- [ACTIVITY]: Reproduce the lines below exactly. Begin with the first, end with the line containing "floor foundation (Slab1", and leave out the pictures.

- [DATA TO USE]:

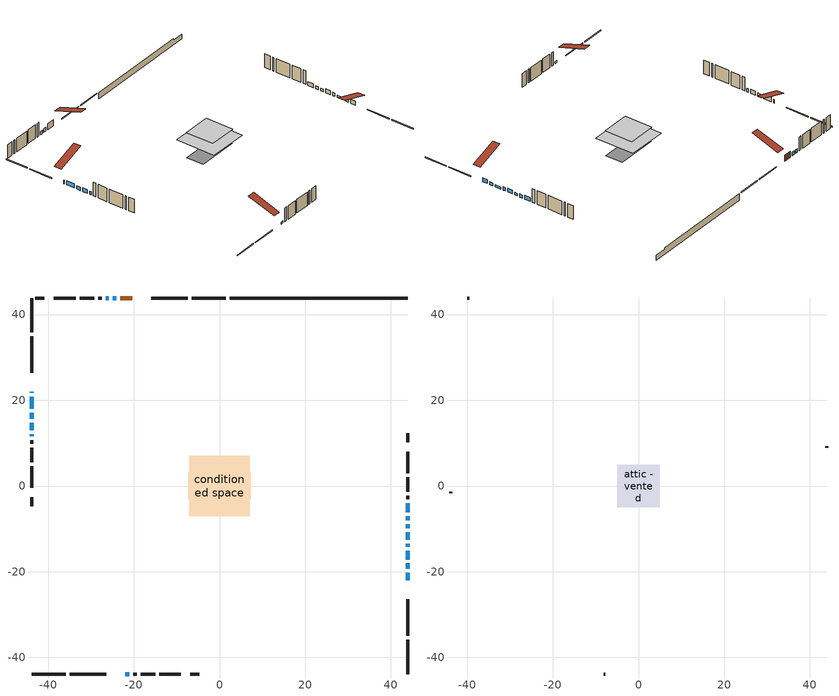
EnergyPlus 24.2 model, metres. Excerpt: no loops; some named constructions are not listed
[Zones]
conditioned space
 floor outside (Floor1 construction): -0.61,-0.61 -0.61,0.61 0.61,0.61 0.61,-0.61 z1.07
 floor adiabatic (AdiabaticFloorConstruction): -7.04,-7.04 -7.04,7.04 7.04,7.04 7.04,-7.04 z3.51
 floor foundation (Slab1 construction): -7.25,-3.11 -7.25,3.11 7.25,3.11 7.25,-3.11 z-1.17
 wall outside (RimJoist1 construction): 1.47,43.85 -6.53,43.85 / -43.85,-43.85 -35.85,-43.85 / -43.85,43.85 -43.85,35.85 / 43.85,-43.85 43.85,-35.85 z1.07:1.37
 wall outside (RimJoist2 construction): -7.46,43.85 -15.95,43.85 / -34.93,-43.85 -26.43,-43.85 / -43.85,34.93 -43.85,26.43 / 43.85,-34.93 43.85,-26.43 z1.07:1.37
 wall outside (AdiabaticWallConstruction 1): -20.38,43.85 -23.13,43.85 z1.07:3.1
 wall outside (AdiabaticWallConstruction): -43.85,22.01 -43.85,21.7 / -43.85,12.06 -43.85,11.62 / 43.85,-14.19 43.85,-13.46 / -25.85,43.85 -26.59,43.85 z1.07:2.29; -24.06,43.85 -24.93,43.85 z1.07:2.37; -43.85,20.77 -43.85,17.97 z1.07:2.59; 43.85,-22 43.85,-20.27 / -43.85,14.72 -43.85,12.99 / 43.85,-6.09 43.85,-4.03 z1.07:2.39; 43.85,-19.35 43.85,-18.08 z1.07:1.99; -43.85,17.05 -43.85,15.65 z1.07:2.19; 43.85,-17.15 43.85,-15.12 z1.07:1.81; -22.01,-43.85 -21.06,-43.85 z1.07:1.78; 43.85,-12.53 43.85,-10.75 z1.07:2.42; 43.85,-9.82 43.85,-8.88 z1.07:1.96; 43.85,-7.96 43.85,-7.02 z1.07:2.16
 wall outside (Wall1 construction): -27.52,43.85 -28.34,43.85 / -20.14,-43.85 -19.31,-43.85 / -43.85,10.69 -43.85,9.87 / 43.85,-3.1 43.85,-2.28 z1.07:5.95
 wall outside (Wall2 construction): -29.27,43.85 -32.63,43.85 / -18.38,-43.85 -15.02,-43.85 / -43.85,8.94 -43.85,5.57 / 43.85,-1.35 43.85,2.02 z1.07:5.95
 wall outside (Wall3 construction): -33.56,43.85 -38.61,43.85 / -14.09,-43.85 -9.04,-43.85 / -43.85,4.65 -43.85,-0.4 / 43.85,2.95 43.85,7.99 z1.07:5.95
 wall outside (Wall5 construction): -40.86,43.85 -42.93,43.85 / -6.79,-43.85 -4.73,-43.85 / -43.85,-2.65 -43.85,-4.72 / 43.85,10.25 43.85,12.31 z1.07:5.95
 wall foundation (FoundationWall1 construction): 2.4,43.85,-1.17 2.4,43.85,1.07 39.71,43.85,1.07 39.71,43.85,0.55 43.85,43.85,0.55 43.85,43.85,-1.17
 window (WindowConstruction 10): -43.85,22 -43.85,21.7 z1.07:2.29
 window (WindowConstruction 4): -24.06,43.85 -24.93,43.85 z1.07:2.37
 window (WindowConstruction 5): -43.85,20.77 -43.85,17.97 z1.07:2.59
 window (WindowConstruction 6): 43.85,-22 43.85,-20.28 z1.07:2.39
 window (WindowConstruction 7): 43.85,-19.35 43.85,-18.08 z1.07:1.98
 window (WindowConstruction 8): -43.85,17.04 -43.85,15.65 z1.07:2.19
 window (WindowConstruction 9): -43.85,14.72 -43.85,12.99 z1.07:2.39
 window (WindowConstruction 14): 43.85,-17.15 43.85,-15.12 z1.07:1.81
 window (WindowConstruction 15): -22,-43.85 -21.06,-43.85 z1.07:1.78
 window (WindowConstruction 11): -43.85,12.06 -43.85,11.62 z1.07:2.29
 window (WindowConstruction 12): 43.85,-14.19 43.85,-13.46 z1.07:2.29
 window (WindowConstruction 13): -25.86,43.85 -26.59,43.85 z1.07:2.29
 window (WindowConstruction): 43.85,-12.53 43.85,-10.75 z1.07:2.42
 window (WindowConstruction 1): 43.85,-9.82 43.85,-8.89 z1.07:1.96
 window (WindowConstruction 2): 43.85,-7.96 43.85,-7.02 z1.07:2.16
 window (WindowConstruction 3): 43.85,-6.09 43.85,-4.03 z1.07:2.39
 door (Door): -20.38,43.85 -23.13,43.85 z1.07:3.1
 ceiling adiabatic (AdiabaticFloorConstruction): 7.04,-7.04 7.04,7.04 -7.04,7.04 -7.04,-7.04 z3.51
attic - vented
 floor to conditioned space (Floor2 construction Reversed): -5,-5 -5,5 5,5 5,-5 z5.95
 wall outside (Wall4 construction): -39.54,43.85 -39.93,43.85 / -8.11,-43.85 -7.72,-43.85 / -43.85,-1.33 -43.85,-1.73 / 43.85,8.92 43.85,9.32 z1.07:5.95
 roof outside (Roof1 construction): -19.45,43.85,5.95 -19.45,34.12,9.19 -16.88,34.12,9.19 -16.88,43.85,5.95; -22.93,-43.85,5.95 -22.93,-34.12,9.19 -25.5,-34.12,9.19 -25.5,-43.85,5.95; -43.85,22.93,5.95 -34.12,22.93,9.19 -34.12,25.5,9.19 -43.85,25.5,5.95; 43.85,-22.93,5.95 34.12,-22.93,9.19 34.12,-25.5,9.19 43.85,-25.5,5.95
[Material] Roughness=Rough; Thermal Absorptance=0.9
Name | Thickness {m} | Conductivity {W/m-K} | Density {kg/m3} | Specific Heat {J/kg-K} | Solar Absorptance | Visible Absorptance
ceiling loosefill ins | 0.169333 | 0.0480833 | 16.02 | 1046.75 | 0.7 | 0.7
ceiling stud and cavity | 0.1397 | 0.0931187 | 65.682 | 1177.47 | 0.7 | 0.7
gypsum board | 0.0127 | 0.160291 | 801 | 837.4 | 0.6 | 0.6
[Construction]
Floor2 construction: ceiling loosefill ins, ceiling stud and cavity, gypsum board
[EnergyManagementSystem:Program]
total_airflows_program: Set total_infil_flow_rate = 0; Set total_mechvent_flow_rate = 0; Set total_natvent_flow_rate = 0; Set total_whf_flow_rate = 0; Set total_infil_flow_rate = total_infil_flow_rate + (infil_program_Qinf * 1); Set total_mechvent_flow_rate = total_mechvent_flow_rate + (infil_program_Qfan * 1); Set total_natvent_flow_rate = total_natvent_flow_rate + (natural_vent_program_Qnv * 1); Set total_whf_flow_rate = total_whf_flow_rate + (natural_vent_program_Qwhf * 1)
total_loads_program: Set loads_htg_tot = 0; Set loads_clg_tot = 0; If htg_load_cond > 0; Set loads_htg_tot = loads_htg_tot + (htg_load_cond - clg_load_cond) * 1.0; EndIf; Set loads_htg_tot = (@Max loads_htg_tot 0); If clg_load_cond > 0; Set loads_clg_tot = loads_clg_tot + (clg_load_cond - htg_load_cond) * 0.0; EndIf; Set loads_clg_tot = (@Max loads_clg_tot 0)
unit_heater_supply_fan_disaggregate_program: Set unit_heater_supply_fan_primary_htg = 0; If unit_heater_htg_coil_s > 0; Set unit_heater_supply_fan_primary_htg = unit_heater_supply_fan_s; EndIf
unmet_hours_program: Set htg_unmet_hours = 0; Set clg_unmet_hours = 0; Set unit_htg_unmet_hours = 0; If ((DayOfYear >= 1) && (DayOfYear <= 365)); Set unit_htg_unmet_hours = unit_htg_unmet_hours + conditioned_space_htg_unmet_s; If unit_htg_unmet_hours > htg_unmet_hours; Set htg_unmet_hours = unit_htg_unmet_hours; EndIf; EndIf
water_heater_EC_adj: If WarmupFlag == 0; Set dhw_e_cons = water_heater_energy + water_heater_on_cycle_parasitic + water_heater_off_cycle_parasitic; Set water_heater_ec_adj_act = 0.0 * dhw_e_cons / 1; EndIf
[EnergyManagementSystem:ProgramCallingManager]
component_loads_program_calling_manager: EndOfZoneTimestepAfterZoneReporting; component_loads_program
fridge_schedule_program_calling_manager: BeginZoneTimestepAfterInitHeatBalance; fridge_schedule_program
infil_program_calling_manager: BeginZoneTimestepAfterInitHeatBalance; infil_program
natural_vent_program_calling_manager: BeginZoneTimestepAfterInitHeatBalance; natural_vent_program
total_airflows_program_calling_manager: EndOfZoneTimestepAfterZoneReporting; total_airflows_program
total_loads_program_calling_manager: EndOfZoneTimestepAfterZoneReporting; total_loads_program
unit_heater_supply_fan_disaggregate_program_calling_manager: EndOfSystemTimestepBeforeHVACReporting; unit_heater_supply_fan_disaggregate_program
unmet_hours_program_calling_manager: EndOfZoneTimestepBeforeZoneReporting; unmet_hours_program
water_heater_EC_adj_ProgramManager: EndOfSystemTimestepBeforeHVACReporting; water_heater_EC_adj
[EnergyManagementSystem:OutputVariable] Type of Data in Variable=Summed
Name | EMS Variable | Update Frequency | EMS Program or Subroutine | Units
unit heater supply fan disaggregate htg primary | unit_heater_supply_fan_primary_htg | SystemTimestep | unit_heater_supply_fan_disaggregate_program | J
loads_htg_tot_peakload_outvar; loads_htg_tot_annual_outvar; Energy Management System Output Variable 1; Energy Management System Output Variable 45 | loads_htg_tot | ZoneTimestep | total_loads_program | J
loads_clg_tot_peakload_outvar; loads_clg_tot_annual_outvar; Energy Management System Output Variable 2; Energy Management System Output Variable 46 | loads_clg_tot | ZoneTimestep | total_loads_program | J
htg_unmet_hours_annual_outvar; Energy Management System Output Variable 3 | htg_unmet_hours | ZoneTimestep | unmet_hours_program | hr
clg_unmet_hours_annual_outvar; Energy Management System Output Variable 4 | clg_unmet_hours | ZoneTimestep | unmet_hours_program | hr
loads_htg_roofs_annual_outvar; Energy Management System Output Variable 5 | loads_htg_roofs | ZoneTimestep | component_loads_program | J
loads_htg_ceilings_annual_outvar; Energy Management System Output Variable 6 | loads_htg_ceilings | ZoneTimestep | component_loads_program | J
loads_htg_walls_annual_outvar; Energy Management System Output Variable 7 | loads_htg_walls | ZoneTimestep | component_loads_program | J
loads_htg_rim_joists_annual_outvar; Energy Management System Output Variable 8 | loads_htg_rim_joists | ZoneTimestep | component_loads_program | J
loads_htg_foundation_walls_annual_outvar; Energy Management System Output Variable 9 | loads_htg_foundation_walls | ZoneTimestep | component_loads_program | J
loads_htg_doors_annual_outvar; Energy Management System Output Variable 10 | loads_htg_doors | ZoneTimestep | component_loads_program | J
loads_htg_windows_conduction_annual_outvar; Energy Management System Output Variable 11 | loads_htg_windows_conduction | ZoneTimestep | component_loads_program | J
loads_htg_windows_solar_annual_outvar; Energy Management System Output Variable 12 | loads_htg_windows_solar | ZoneTimestep | component_loads_program | J
loads_htg_skylights_conduction_annual_outvar; Energy Management System Output Variable 13 | loads_htg_skylights_conduction | ZoneTimestep | component_loads_program | J
loads_htg_skylights_solar_annual_outvar; Energy Management System Output Variable 14 | loads_htg_skylights_solar | ZoneTimestep | component_loads_program | J
loads_htg_floors_annual_outvar; Energy Management System Output Variable 15 | loads_htg_floors | ZoneTimestep | component_loads_program | J
loads_htg_slabs_annual_outvar; Energy Management System Output Variable 16 | loads_htg_slabs | ZoneTimestep | component_loads_program | J
loads_htg_internal_mass_annual_outvar; Energy Management System Output Variable 17 | loads_htg_internal_mass | ZoneTimestep | component_loads_program | J
loads_htg_infil_annual_outvar; Energy Management System Output Variable 18 | loads_htg_infil | ZoneTimestep | component_loads_program | J
loads_htg_natvent_annual_outvar; Energy Management System Output Variable 19 | loads_htg_natvent | ZoneTimestep | component_loads_program | J
loads_htg_mechvent_annual_outvar; Energy Management System Output Variable 20 | loads_htg_mechvent | ZoneTimestep | component_loads_program | J
loads_htg_whf_annual_outvar; Energy Management System Output Variable 21 | loads_htg_whf | ZoneTimestep | component_loads_program | J
loads_htg_ducts_annual_outvar; Energy Management System Output Variable 22 | loads_htg_ducts | ZoneTimestep | component_loads_program | J
loads_htg_intgains_annual_outvar; Energy Management System Output Variable 23 | loads_htg_intgains | ZoneTimestep | component_loads_program | J
loads_htg_lighting_annual_outvar; Energy Management System Output Variable 24 | loads_htg_lighting | ZoneTimestep | component_loads_program | J
loads_clg_roofs_annual_outvar; Energy Management System Output Variable 25 | loads_clg_roofs | ZoneTimestep | component_loads_program | J
loads_clg_ceilings_annual_outvar; Energy Management System Output Variable 26 | loads_clg_ceilings | ZoneTimestep | component_loads_program | J
loads_clg_walls_annual_outvar; Energy Management System Output Variable 27 | loads_clg_walls | ZoneTimestep | component_loads_program | J
loads_clg_rim_joists_annual_outvar; Energy Management System Output Variable 28 | loads_clg_rim_joists | ZoneTimestep | component_loads_program | J
loads_clg_foundation_walls_annual_outvar; Energy Management System Output Variable 29 | loads_clg_foundation_walls | ZoneTimestep | component_loads_program | J
loads_clg_doors_annual_outvar; Energy Management System Output Variable 30 | loads_clg_doors | ZoneTimestep | component_loads_program | J
loads_clg_windows_conduction_annual_outvar; Energy Management System Output Variable 31 | loads_clg_windows_conduction | ZoneTimestep | component_loads_program | J
loads_clg_windows_solar_annual_outvar; Energy Management System Output Variable 32 | loads_clg_windows_solar | ZoneTimestep | component_loads_program | J
loads_clg_skylights_conduction_annual_outvar; Energy Management System Output Variable 33 | loads_clg_skylights_conduction | ZoneTimestep | component_loads_program | J
loads_clg_skylights_solar_annual_outvar; Energy Management System Output Variable 34 | loads_clg_skylights_solar | ZoneTimestep | component_loads_program | J
loads_clg_floors_annual_outvar; Energy Management System Output Variable 35 | loads_clg_floors | ZoneTimestep | component_loads_program | J
loads_clg_slabs_annual_outvar; Energy Management System Output Variable 36 | loads_clg_slabs | ZoneTimestep | component_loads_program | J
loads_clg_internal_mass_annual_outvar; Energy Management System Output Variable 37 | loads_clg_internal_mass | ZoneTimestep | component_loads_program | J
loads_clg_infil_annual_outvar; Energy Management System Output Variable 38 | loads_clg_infil | ZoneTimestep | component_loads_program | J
loads_clg_natvent_annual_outvar; Energy Management System Output Variable 39 | loads_clg_natvent | ZoneTimestep | component_loads_program | J
loads_clg_mechvent_annual_outvar; Energy Management System Output Variable 40 | loads_clg_mechvent | ZoneTimestep | component_loads_program | J
loads_clg_whf_annual_outvar; Energy Management System Output Variable 41 | loads_clg_whf | ZoneTimestep | component_loads_program | J
loads_clg_ducts_annual_outvar; Energy Management System Output Variable 42 | loads_clg_ducts | ZoneTimestep | component_loads_program | J
loads_clg_intgains_annual_outvar; Energy Management System Output Variable 43 | loads_clg_intgains | ZoneTimestep | component_loads_program | J
loads_clg_lighting_annual_outvar; Energy Management System Output Variable 44 | loads_clg_lighting | ZoneTimestep | component_loads_program | J
[Schedule:Day:Interval]
interior lighting schedule day: No, 01:00, 0.108182, 04:00, 0.0901515, 05:00, 0.0991667, 06:00, 0.162273, 07:00, 0.270455, 08:00, 0.342576, 10:00, 0.369621, 11:00, 0.351591, 12:00, 0.333561, 13:00, 0.324545, 14:00, 0.31553, 15:00, 0.333561, 16:00, 0.369621, 17:00, 0.450758, 18:00, 0.585985, 19:00, 0.775303, 20:00, 0.955606, 21:00, 0.991667, 22:00, 0.712197, 23:00, 0.360606, 24:00, 0.162273
interior lighting schedule day 1: No, 01:00, 0.100909, 04:00, 0.0840909, 05:00, 0.0925, 06:00, 0.151364, 07:00, 0.252273, 08:00, 0.319545, 10:00, 0.344773, 11:00, 0.327955, 12:00, 0.311136, 13:00, 0.302727, 14:00, 0.294318, 15:00, 0.311136, 16:00, 0.344773, 17:00, 0.420455, 18:00, 0.546591, 19:00, 0.723182, 20:00, 0.891364, 21:00, 0.925, 22:00, 0.664318, 23:00, 0.336364, 24:00, 0.151364
interior lighting schedule day 2: No, 01:00, 0.0927273, 04:00, 0.0772727, 05:00, 0.085, 06:00, 0.139091, 07:00, 0.231818, 08:00, 0.293636, 10:00, 0.316818, 11:00, 0.301364, 12:00, 0.285909, 13:00, 0.278182, 14:00, 0.270455, 15:00, 0.285909, 16:00, 0.316818, 17:00, 0.386364, 18:00, 0.502273, 19:00, 0.664545, 20:00, 0.819091, 21:00, 0.85, 22:00, 0.610455, 23:00, 0.309091, 24:00, 0.139091
interior lighting schedule day 3: No, 01:00, 0.0845455, 04:00, 0.0704545, 05:00, 0.0775, 06:00, 0.126818, 07:00, 0.211364, 08:00, 0.267727, 10:00, 0.288864, 11:00, 0.274773, 12:00, 0.260682, 13:00, 0.253636, 14:00, 0.246591, 15:00, 0.260682, 16:00, 0.288864, 17:00, 0.352273, 18:00, 0.457955, 19:00, 0.605909, 20:00, 0.746818, 21:00, 0.775, 22:00, 0.556591, 23:00, 0.281818, 24:00, 0.126818
interior lighting schedule day 4: No, 01:00, 0.0763636, 04:00, 0.0636364, 05:00, 0.07, 06:00, 0.114545, 07:00, 0.190909, 08:00, 0.241818, 10:00, 0.260909, 11:00, 0.248182, 12:00, 0.235455, 13:00, 0.229091, 14:00, 0.222727, 15:00, 0.235455, 16:00, 0.260909, 17:00, 0.318182, 18:00, 0.413636, 19:00, 0.547273, 20:00, 0.674545, 21:00, 0.7, 22:00, 0.502727, 23:00, 0.254545, 24:00, 0.114545
interior lighting schedule day 5: No, 01:00, 0.0727273, 04:00, 0.0606061, 05:00, 0.0666667, 06:00, 0.109091, 07:00, 0.181818, 08:00, 0.230303, 10:00, 0.248485, 11:00, 0.236364, 12:00, 0.224242, 13:00, 0.218182, 14:00, 0.212121, 15:00, 0.224242, 16:00, 0.248485, 17:00, 0.30303, 18:00, 0.393939, 19:00, 0.521212, 20:00, 0.642424, 21:00, 0.666667, 22:00, 0.478788, 23:00, 0.242424, 24:00, 0.109091
interior lighting schedule day 6: No, 01:00, 0.0745455, 04:00, 0.0621212, 05:00, 0.0683333, 06:00, 0.111818, 07:00, 0.186364, 08:00, 0.236061, 10:00, 0.254697, 11:00, 0.242273, 12:00, 0.229848, 13:00, 0.223636, 14:00, 0.217424, 15:00, 0.229848, 16:00, 0.254697, 17:00, 0.310606, 18:00, 0.403788, 19:00, 0.534242, 20:00, 0.658485, 21:00, 0.683333, 22:00, 0.490758, 23:00, 0.248485, 24:00, 0.111818
interior lighting schedule day 7: No, 01:00, 0.08, 04:00, 0.0666667, 05:00, 0.0733333, 06:00, 0.12, 07:00, 0.2, 08:00, 0.253333, 10:00, 0.273333, 11:00, 0.26, 12:00, 0.246667, 13:00, 0.24, 14:00, 0.233333, 15:00, 0.246667, 16:00, 0.273333, 17:00, 0.333333, 18:00, 0.433333, 19:00, 0.573333, 20:00, 0.706667, 21:00, 0.733333, 22:00, 0.526667, 23:00, 0.266667, 24:00, 0.12
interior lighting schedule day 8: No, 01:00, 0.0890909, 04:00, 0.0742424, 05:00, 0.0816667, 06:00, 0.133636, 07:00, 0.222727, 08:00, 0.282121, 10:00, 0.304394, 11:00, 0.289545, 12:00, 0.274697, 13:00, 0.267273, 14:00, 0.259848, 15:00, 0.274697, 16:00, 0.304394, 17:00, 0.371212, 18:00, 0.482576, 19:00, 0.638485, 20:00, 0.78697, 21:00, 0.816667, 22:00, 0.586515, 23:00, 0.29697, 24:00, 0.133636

- [COMPLETED TASK]:
EnergyPlus 24.2 model, metres. Excerpt: no loops; some named constructions are not listed
[Zones]
conditioned space
 floor outside (Floor1 construction): -0.61,-0.61 -0.61,0.61 0.61,0.61 0.61,-0.61 z1.07
 floor adiabatic (AdiabaticFloorConstruction): -7.04,-7.04 -7.04,7.04 7.04,7.04 7.04,-7.04 z3.51
 floor foundation (Slab1 construction): -7.25,-3.11 -7.25,3.11 7.25,3.11 7.25,-3.11 z-1.17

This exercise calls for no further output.